Switching power supply circuit on two NE555
Figure 2 shows a diagram of a switching power supply with two NE555 timers. The first of these microcircuits (DD1) is connected according to the multivibrator circuit, at the output of which short rectangular pulses appear, taken from leg 3. The repetition rate of these pulses is changed using the potentiometer R3.
By this, the pulses are fed to the differentiating circuit C3R5 and the VD1 diode connected in parallel to the resistor R5. Since the cathode of the diode is connected to the power bus, short positive bursts of differentiated pulses (fronts) are shunted by the low direct resistance of the diode and have an insignificant value, and negative bursts (slumps), falling on the locked diode VD1, freely pass to the input of the waiting multivibrator MS DD2 (leg 2 ) and run it. Although VD1 is indicated on the diagram as D9I, in this position it is desirable to use a low-power Schottky diode, and, in extreme cases, you can use a KD 522 silicon diode.

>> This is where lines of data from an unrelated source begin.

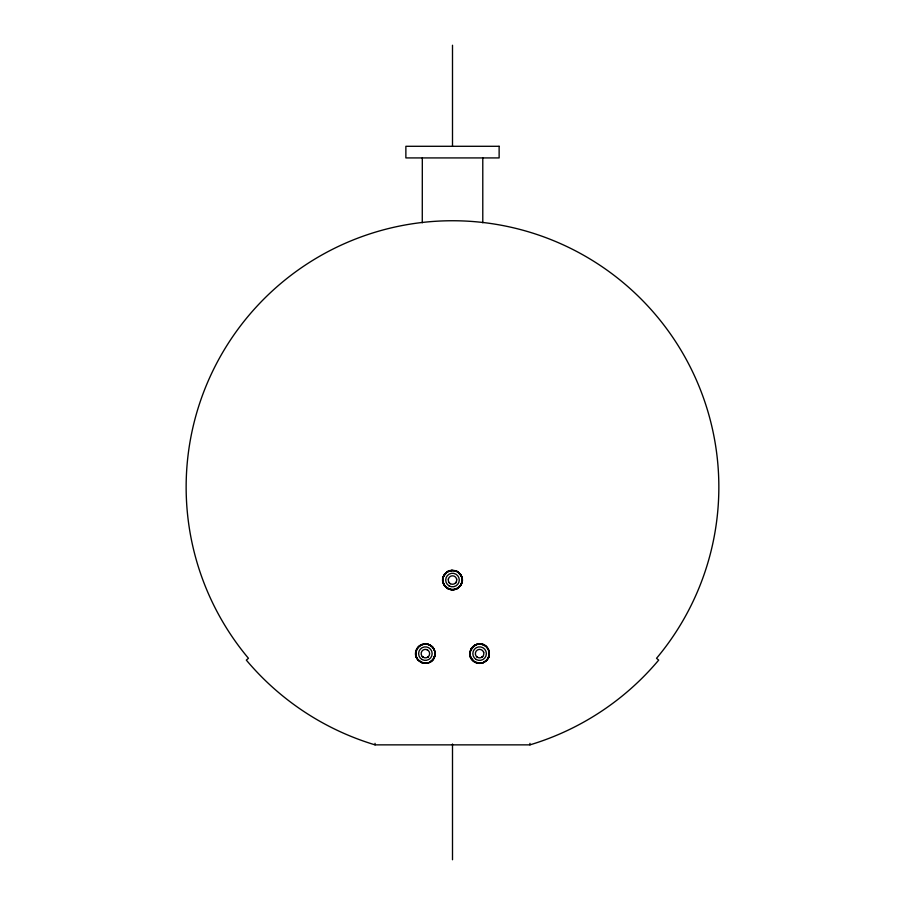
<?xml version="1.0" encoding="UTF-8"?>
<svg xmlns="http://www.w3.org/2000/svg" width="905" height="905" viewBox="0 0 905 905"><rect width="100%" height="100%" fill="white"/><g stroke="black" fill="none" stroke-linecap="round" stroke-linejoin="round"><path stroke-width="1.36" d="M431.628 646.215C433.846 646.577 435.531 654.632 434.841 651.521C434.264 648.908 432.556 646.577 430.248 645.242C425.791 642.505 419.366 644.281 416.934 648.908C409.535 661.295 432.081 669.892 434.83 655.752M415.746 652.799L415.78 654.858M434.988 654.915L434.932 651.996M435.034 654.496L435.056 653.127M489.243 654.62C489.99 649.021 484.944 643.602 479.299 643.941M442.907 578.714L442.918 581.406L442.918 578.668M435.034 654.496L433.574 658.795L430.237 662.008M488.18 649.111C480.272 634.134 460.238 654.666 475.227 662.256A8.824 6.674 -9.8 0 0 479.333 663.354C485.883 663.67 491.234 656.442 488.7 650.299M470.034 652.188L470.374 656.544M470.068 651.996C468.451 659.27 476.901 665.763 483.519 662.483M489.186 655.062L488.813 656.623M415.859 651.905L417.182 648.489A12.263 9.457 8.9 0 1 422.013 644.383M470.102 651.781L471.81 647.878L474.967 645.129M448.314 579.268L448.405 578.872M470.136 651.589L472.919 646.623M434.807 655.842L432.714 659.949L429.106 662.562M488.745 656.815L486.947 659.937L484.005 662.245M444.649 574.37C440.09 583.725 445.543 569.754 450.294 570.614M451.018 570.467L455.158 570.727A9.684 9.684 0 0 1 457.794 571.937L461.505 576.474A9.684 9.684 0 0 1 452.5 589.721A9.684 9.684 0 0 1 443.495 576.474L447.07 572.028M443.495 576.474L444.389 574.743M416.391 650.062L417.284 648.319M471.007 649.179L470.6 650.062L471.505 648.319M444.977 573.94L447.194 571.937A9.684 9.684 0 0 1 449.83 570.727L450.373 570.591M473.677 645.966L474.514 645.389A7.772 6.007 -9.3 0 1 480.736 643.987L485.521 645.955M419.479 645.955L424.264 644.009A7.772 6.007 9.3 0 1 430.475 645.401L431.447 646.068M447.375 571.824L452.5 570.354A9.208 8.62 0.1 0 1 456.573 571.259M456.946 588.646L457.794 588.148L456.063 589.042M476.177 644.564L479.028 643.953M449.83 570.727L451.629 570.399M427.613 663.048L426.527 663.241A7.444 5.588 9.2 0 1 421.164 662.347L417.748 659.575M450.894 570.489L452.5 570.354M427.499 644.179L422.726 644.315A9.684 9.684 0 0 0 417.488 659.225A9.684 9.684 0 0 0 433.291 659.225A9.684 9.684 0 0 0 428.054 644.315L427.748 644.236M424.977 643.953L429.185 644.711L432.737 647.324M425.803 663.297L421.583 662.528L418.008 659.892M375.043 744.86L529.957 744.86A269.147 269.147 0 0 0 658.682 660.107L656.532 658.297A266.353 266.353 0 0 0 635.276 293.356A266.353 266.353 0 0 0 269.713 293.356A266.353 266.353 0 0 0 248.456 658.297L246.318 660.107A269.147 269.147 0 0 0 375.043 744.86L375.043 743.344M425.395 643.941L426.255 643.975M426.956 649.666L427.341 649.835M476.924 656.928L476.596 656.634M458.597 572.526L459.344 573.193M449.185 582.73L448.937 582.367M433.031 647.675L433.959 649.111M417.488 659.225L416.639 657.765M460.6 574.743L461.505 576.474M487.716 648.319L488.61 650.062M433.495 648.319L434.389 650.062L433.993 649.179M470.442 656.747L474.096 661.578L479.605 663.297A7.41 5.554 -9.2 0 0 483.824 662.336L486.981 659.892A12.704 9.672 -7.8 0 0 488.587 657.256M470.6 657.188L470.295 656.283L471.007 658.071M483.564 652.053L483.7 652.448M456.595 578.872L456.686 579.268M443.111 582.424L445.045 586.225L448.439 588.827A9.152 8.53 0 0 0 452.5 589.721A9.061 8.45 0.1 0 1 448.45 588.827L444.774 585.886L442.986 581.858M529.957 743.344L529.957 744.86M482.784 157.923L482.784 222.788M452.5 45.25L452.5 146.293M452.5 744L452.5 859.75M422.318 157.923L422.273 222.788M485.521 645.955A15.317 11.686 -6.9 0 1 488.417 657.211M418.11 659.847A14.842 11.324 6.9 0 1 419.705 646.125M499.13 146.293L499.13 157.923L405.87 157.923L405.87 146.293L499.13 146.293M421.289 652.448L421.289 652.448M475.51 652.448L475.51 652.448M434.694 656.283L433.993 658.071L434.694 656.283M488.915 656.283L488.202 658.071L488.915 656.283M456.063 582.367L455.509 583.058L456.063 582.367M428.404 656.634L427.714 657.188L428.404 656.634M482.625 656.634L481.935 657.188L482.625 656.634M423.427 649.835L423.427 649.835M477.648 649.835L477.648 649.835M477.851 644.1L476.946 644.315A9.684 9.684 0 0 0 471.709 659.225A9.684 9.684 0 0 0 487.512 659.225A9.684 9.684 0 0 0 482.275 644.315L477.851 644.1M448.937 589.042L447.194 588.148L448.937 589.042M481.562 649.835L481.562 649.835M423.054 657.188L422.375 656.634L423.054 657.188M416.786 658.071L416.085 656.283L416.786 658.071M429.479 652.448L429.479 652.448M450.373 583.725A4.265 4.265 0 0 0 456.754 580.037A4.265 4.265 0 0 0 450.373 576.349A4.265 4.265 0 0 0 450.373 583.725M449.106 585.908A6.776 6.776 0 0 0 459.276 580.037A6.776 6.776 0 0 0 449.106 574.166A6.776 6.776 0 0 0 449.106 585.908M423.257 657.313A4.265 4.265 0 0 0 429.649 653.625A4.265 4.265 0 0 0 423.257 649.937A4.265 4.265 0 0 0 423.257 657.313M422.002 659.496A6.776 6.776 0 0 0 432.16 653.625A6.776 6.776 0 0 0 422.002 647.754A6.776 6.776 0 0 0 422.002 659.496M477.478 657.313A4.265 4.265 0 0 0 483.87 653.625A4.265 4.265 0 0 0 477.478 649.937A4.265 4.265 0 0 0 477.478 657.313M476.222 659.496A6.776 6.776 0 0 0 486.381 653.625A6.776 6.776 0 0 0 476.222 647.754A6.776 6.776 0 0 0 476.222 659.496M452.5 589.856A9.819 9.174 0.7 0 0 461.539 583.171A10.543 9.865 0.1 0 0 456.606 571.146A10.555 9.865 0.6 0 1 461.493 583.137A9.819 9.152 0 0 1 452.5 589.834M447.127 587.945A9.989 9.378 0.6 0 0 462.478 580.467A9.989 9.378 0.6 0 0 447.885 571.722A9.989 9.378 0.6 0 0 447.127 587.945"/></g></svg>
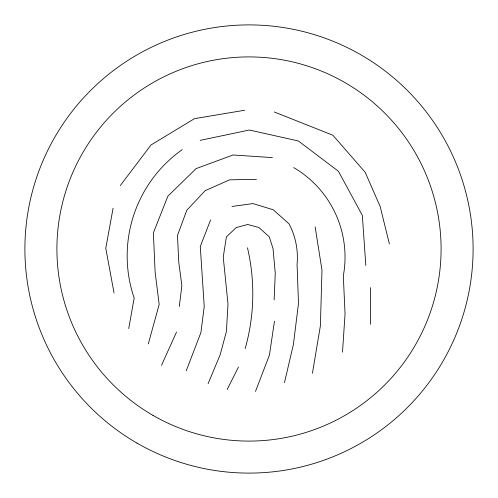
<?xml version="1.0" encoding="UTF-8"?>
<svg xmlns="http://www.w3.org/2000/svg" width="498" height="498" viewBox="0 0 498 498"><rect width="100%" height="100%" fill="white"/><g stroke="black" fill="none" stroke-linecap="round" stroke-linejoin="round"><path stroke-width="0.75" d="M274.124 299.908L275.263 273.178L273.016 248.521L269.275 236.861L258.892 227.48L247.624 224.474L236.145 227.617L226.397 236.924L223.241 257.117L227.997 303.979L226.403 331.5L220.147 354.794L208.114 383.641M342.506 352.161L345.046 313.908L343.321 275.898A103.789 103.789 0 0 0 293.727 167.596M179.292 306.513L181.863 285.535L178.757 262.209L177.493 235.43L186.769 210.268L205.108 190.709L229.615 179.834L256.426 179.367M274.473 321.135L269.418 355.124L255.493 391.409M312.42 373.319L320.388 325.804L321.988 270.221L315.147 226.851M128.714 328.568L134.192 298.09A130.127 130.127 0 0 1 182.243 149.618M113.077 208.22L105.788 248.303L114.036 292.967M284.464 382.682L293.39 344.492L298.495 303.419L297.063 264.519A72.602 72.602 0 0 0 289.077 223.882L273.259 209.77L252.978 203.589L231.968 206.471M148.304 343.925L159.179 304.421L155.115 272.188L153.396 232.815L167.894 196.162L196.088 168.617L233.07 154.978L272.394 157.617M186.208 370.867L200.912 332.558L204.23 306.544L200.271 246.504L210.592 219.929M161.501 365.395L176.516 332.035M227.163 389.498L238.455 367.07M120.323 185.511L151 144.986L194.475 118.661L244.599 110.257M200.202 140.355L249.336 130.022L298.333 140.965L338.397 171.225L362.332 215.366L365.831 265.453M274.249 111.963L332.869 135.226L365.152 172.24L380.186 206.577L389.399 244.001M370.574 287.67L370.574 324.254M247.475 247.792A201.466 201.466 0 0 1 245.172 348.619M136.95 443.077A224.1 224.1 0 0 0 473.1 249A224.1 224.1 0 0 0 136.95 54.923A224.1 224.1 0 0 0 136.95 443.077M152.954 415.351A192.085 192.085 0 0 0 441.085 249A192.085 192.085 0 0 0 152.954 82.649A192.085 192.085 0 0 0 152.954 415.351"/></g></svg>
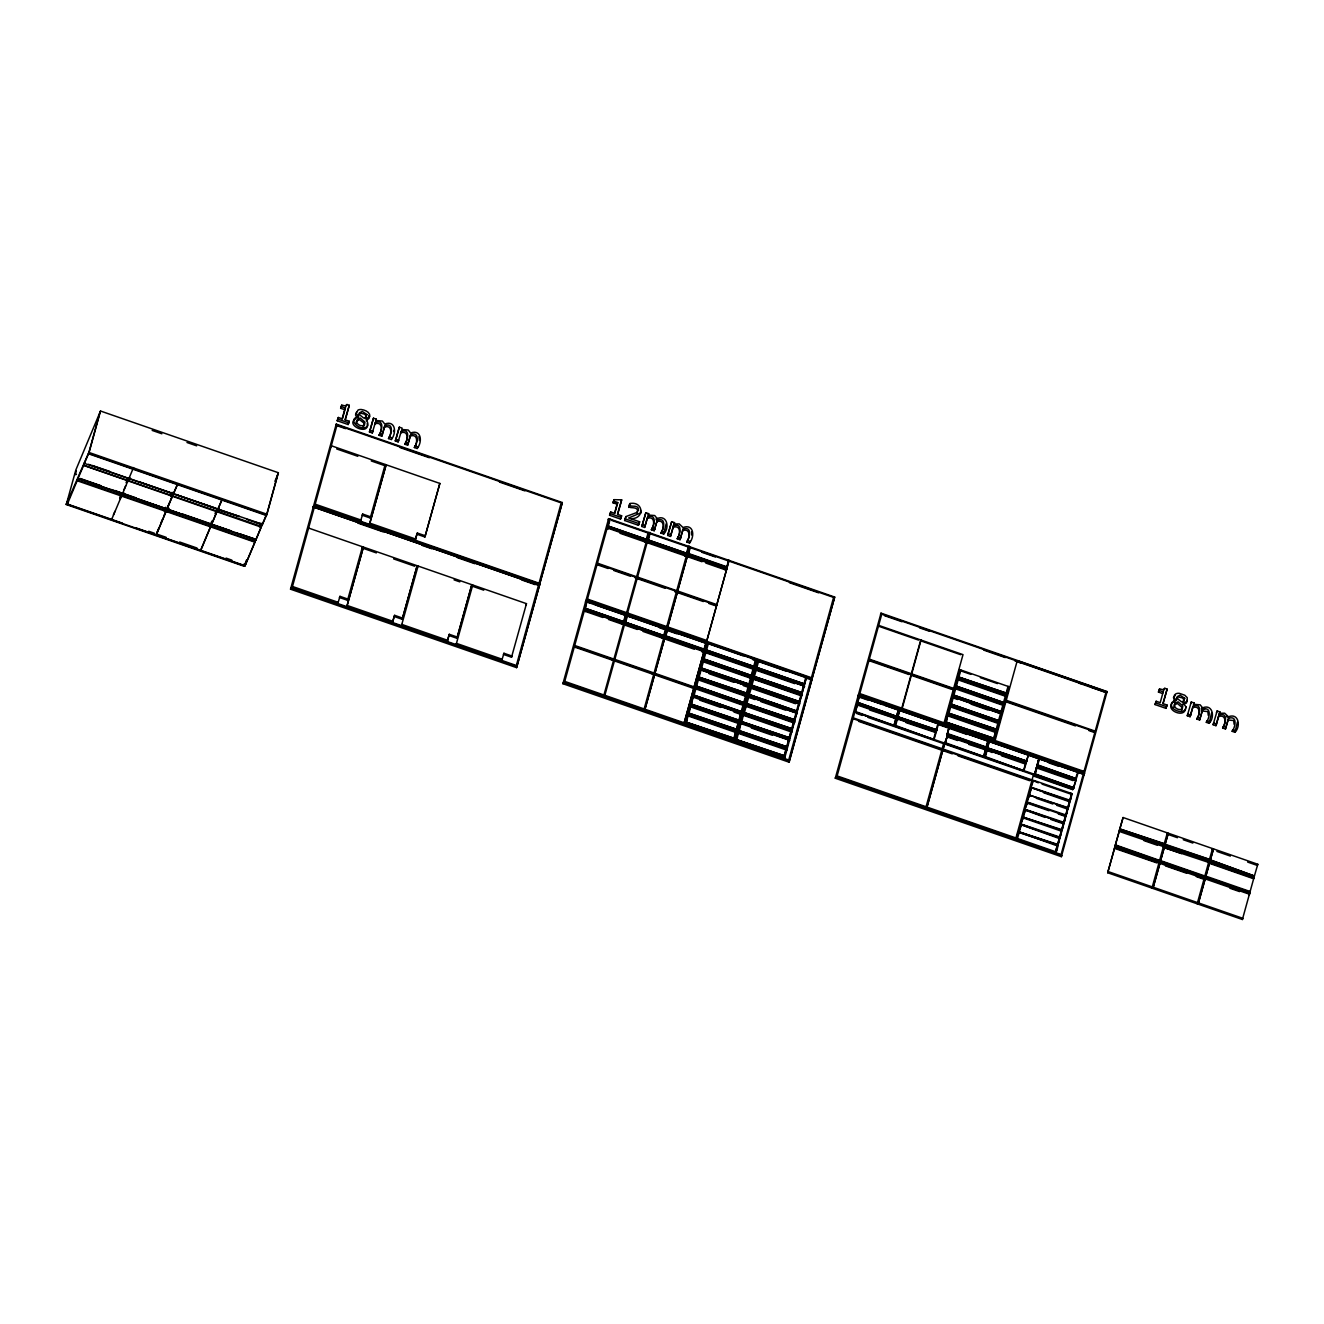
<?xml version="1.0" encoding="UTF-8"?>
<svg xmlns="http://www.w3.org/2000/svg" width="1324" height="1324" viewBox="0 0 1324 1324"><rect width="100%" height="100%" fill="white"/><g stroke="black" fill="none" stroke-linecap="round" stroke-linejoin="round"><path stroke-width="1.5" d="M355.941 423.663L356.454 421.214L359.532 419.642L363.653 422.853L364.381 425.484M1173.759 707.446L1174.289 705.013L1177.35 703.441L1182.1 707.496L1181.571 710.442M1185.46 708.704C1184.682 718.485 1165.037 710.177 1172.402 703.044M598.564 565.1L598.216 565.216M607.948 529.17L608.328 528.624M615.974 661.321L615.643 660.411L615.627 661.437M625.888 625.391L625.507 624.564M638.681 579.018L638.3 578.307M645.268 541.88L644.987 542.062M648.777 542.426L648.247 543.204M676.448 591.497L676.779 590.719L637.589 577.115L637.258 577.893L675.124 590.885C675.571 593.317 674.346 590.09 676.597 591.381L676.266 592.159M685.385 555.848L685.054 554.955L684.905 555.898M725.486 569.767L725.155 568.873L725.221 569.916M648.214 542.261L648.181 543.188M652.169 673.982L652.401 673.419M665.426 639.211L665.707 638.698M640.816 512.918L640.535 509.972M77.239 480.529L67.276 504.345L244.973 566.01L254.887 542.393L255.102 541.566L77.404 479.9L77.189 480.744L254.936 542.195M166.179 537.345L156.464 533.969L156.215 535.21L166.361 510.766M172.269 496.517L172.517 496.186M172.368 496.003L166.824 509.359M173.461 493.438L170.895 499.38M211.459 524.9L217.053 511.378M213.429 525.247L256.029 539.381L255.664 540.54L261.473 526.422L83.611 465.204M1118.979 831.935L1119.376 830.976L1115.255 845.424L1159.51 860.898L1159.923 859.921M1163.3 847.327L1163.68 846.301M1164.259 844.017L1119.823 828.94L1164.408 843.669M1165.186 844.232L1209.623 859.359M1204.923 879.666L1205.32 878.573L1198.104 904.126L1242.392 919.501L1242.872 918.326L1198.601 902.968M1205.932 876.174L1250.22 891.549M1210.467 859.905L1254.424 876.008L1210.318 860.087L1213.512 848.899L1257.8 864.274L1254.242 876.538L1209.971 861.163L1213.512 848.899M1249.194 894.941L1249.608 893.948M389.173 436.92L392.003 437.896L391.325 439.535L388.495 438.558C391.772 434.007 394.006 422.422 384.903 425.55L381.792 436.225L378.962 435.248C382.388 430.73 382.702 420.916 374.758 423.879L375.453 422.24C384.523 419.178 382.189 430.747 378.962 435.248M384.903 425.55L381.792 436.225M415.024 445.89L417.854 446.867L417.159 448.505L414.346 447.529C417.623 442.977 419.857 431.392 410.754 434.52L407.643 445.195L404.813 444.219C408.222 439.7 408.553 429.886 400.609 432.849L401.288 431.21C410.374 428.149 408.04 439.7 404.813 444.219M410.754 434.52L407.643 445.195M657.184 518.561C667.213 514.324 669.878 527.912 663.705 534.052L660.875 533.076C664.152 528.524 666.386 516.956 657.283 520.084L654.172 530.759L651.342 529.766C654.768 525.247 655.082 515.433 647.138 518.396L644.639 527.448L641.826 526.472L645.847 512.702L648.677 513.679L648.313 515.036L654.735 515.549L657.184 518.561L656.489 520.2L656.025 518.975M657.283 520.084L654.172 530.759M687.404 540.407L690.234 541.384L689.539 543.022L686.726 542.046C690.003 537.494 692.237 525.926 683.134 529.037L680.023 539.712L677.193 538.736C680.602 534.217 680.933 524.403 672.989 527.366L670.49 536.419L667.66 535.426L671.698 521.673L674.528 522.649L673.469 525.645L674.528 522.649M683.134 529.037L680.023 539.712M1202.622 707.843C1212.652 703.59 1215.316 717.178 1209.143 723.334L1206.313 722.341C1209.722 717.856 1211.774 706.188 1202.722 709.35L1199.61 720.024L1196.78 719.048C1200.206 714.53 1200.52 704.699 1192.576 707.661L1190.077 716.714L1187.264 715.738L1191.286 701.985L1194.116 702.961L1193.751 704.302L1200.173 704.831L1202.622 707.843L1201.927 709.465L1201.464 708.257M1202.722 709.35L1199.61 720.024M1219.586 713.272L1224.65 713.189L1228.457 716.797C1238.503 712.56 1241.167 726.148 1234.978 732.304L1232.164 731.311C1235.573 726.826 1237.609 715.159 1228.573 718.32L1225.461 728.994L1222.631 728.018C1226.057 723.5 1226.372 713.669 1218.428 716.632L1215.928 725.684L1213.098 724.708L1217.137 710.955L1219.967 711.931L1218.908 714.91L1219.967 711.931M1228.573 718.32L1225.461 728.994M393.526 431.558L393.741 430.383M419.36 440.528L418.914 436.589M691.74 535.045L691.707 531.934M1208.249 715.341L1207.836 711.584L1202.043 710.988M1234.1 724.311L1233.687 720.554L1227.894 719.958M78 478.841L78.083 478.295M84.388 463.532L84.703 462.589L84.438 463.417L262.4 524.254L262.053 525.363L266.952 514.225L278.388 472.734L100.508 411.019L75.799 470.086L66.697 503.07L68.368 503.65M121.692 495.259L121.46 496.169L121.874 495.325M216.805 511.561L217.186 511.064M217.583 509.939L222.134 499.644M261.258 527.167L83.611 465.403L77.404 479.9M1115.487 844.911L1159.659 860.434M1158.765 863.562L1159.179 862.603M1204.344 878.325L1203.996 879.335L1196.284 876.587M1208.464 863L1208.878 861.99M1254.06 877.713L1253.662 878.755L1209.391 863.314L1209.805 862.321L1205.651 876.902L1249.939 892.26L1250.336 891.3M246.678 559.787L244.079 566.258L66.2 504.527L89.039 451.914M76.312 471.013L75.302 474.687L76.444 474.356M67.276 504.345L67.607 503.137M99.979 412.294L88.526 453.784L266.405 515.516L277.858 474.025M83.776 464.774L89.072 452.494L100.508 411.019M111.895 518.495L111.564 519.703L133.525 467.571L133.012 468.713M217.682 509.392L217.848 509.161M244.079 566.258L244.311 565.447L136.024 527.879M244.973 566.01L246.479 560.946M313.556 506.397L539.613 584.844L516.592 667.644L290.535 589.197L336.263 424.094L562.319 502.541L539.315 585.34L313.258 506.893M349.238 421.264L348.096 424.541L337.19 420.751L338.332 417.474L342.386 418.88L345.382 408.04L341.327 406.633L341.724 405.161L345.25 405.872L346.971 404.499L349.288 405.31L345.283 419.873L349.238 421.264L348.791 422.902L337.885 419.112L338.332 417.474M342.204 418.715L344.687 409.679L340.632 408.272L341.724 405.161M292.141 587.691L314.301 507.39L538.504 585.191L516.343 665.492L292.141 587.691L292.621 586.532L338.299 602.37L337.819 603.529L339.97 596.346L348.03 599.143L347.533 600.302L339.474 597.505L339.97 596.346M314.847 505.387L337.008 425.087L561.211 502.888L539.05 583.189L314.847 505.387L315.344 504.229L361.022 520.067L360.525 521.242L362.677 514.06L370.737 516.856L370.257 518.015L362.18 515.218L362.677 514.06M345.084 419.691L349.288 405.31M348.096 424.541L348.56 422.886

Resistor R6 and capacitor C6 determine the duration of the output pulse of the waiting multivibrator (single vibrator) DD2, which controls the key VT1.
As in the previous switching power supply circuit, the current through the transistor VT1 is regulated by resistor R7, and the load is a choke from a ballast of 3 mH economical fluorescent lamps.
Since the MS generation frequency is lower than in the first circuit, the voltage doubling rectifier capacitor C7 has a capacitance of 10 μF, and a ceramic SMD capacitor was used in this position to reduce the size, but other types of capacitors can be used: K73, KBGI, MBGCH, MBM or electrolytic for a suitable voltage.
Input and output voltages, current consumption and pulse repetition rates for the circuit in Fig. 2 are shown in Table 2.
Switching power supply circuit on the NE555 timer and operational amplifier
The switching power supply circuit shown in Fig. 3 is similar, but an operational amplifier (op-amp) of the K140 UD12 or KR140 UD 1208 type is used as a master square-wave generator. This op-amp is very economical, can operate from a unipolar supply voltage from 3 to 30 V or from bipolar ± 1.5 ... 15 V.
The generation frequency is regulated by the potentiometer R3. To increase the bandwidth, conclusions 1,4,5 are combined and grounded to a common wire. Resistor R6, which regulates the control current, is reduced to the minimum possible value of 100 kOhm. The current consumption of the op-amp is within 1.5 ... 2 mA. Between the output of the op amp and the differentiating circuit C3R10VD1, from which the single vibrator DD1 is started, a buffer amplifier is connected on a transistor VT1 of the BC237 type, which serves to increase the steepness of the front and the decay of the output pulse of the MS DA1. 
In the load of the VT2 key, the L1 choke is used from the same ballasts from economical lamps. This inductor is protected from overvoltage by the R13VD2 chain. Its inductance is 1.65 mH, but it is wound with a thicker wire, therefore, its active resistance is less, and the quality factor is higher. This allows you to get a voltage of approximately 24 ... 25 V at the output of the rectifier with doubling VD3VD4.
It should also be noted that the switching power supply circuit in Fig. 3 can operate from a unipolar supply voltage of 3.3 V.
Input and output voltages, current consumption and pulse repetition rates for the circuit in Fig. 3 are given in Table 3.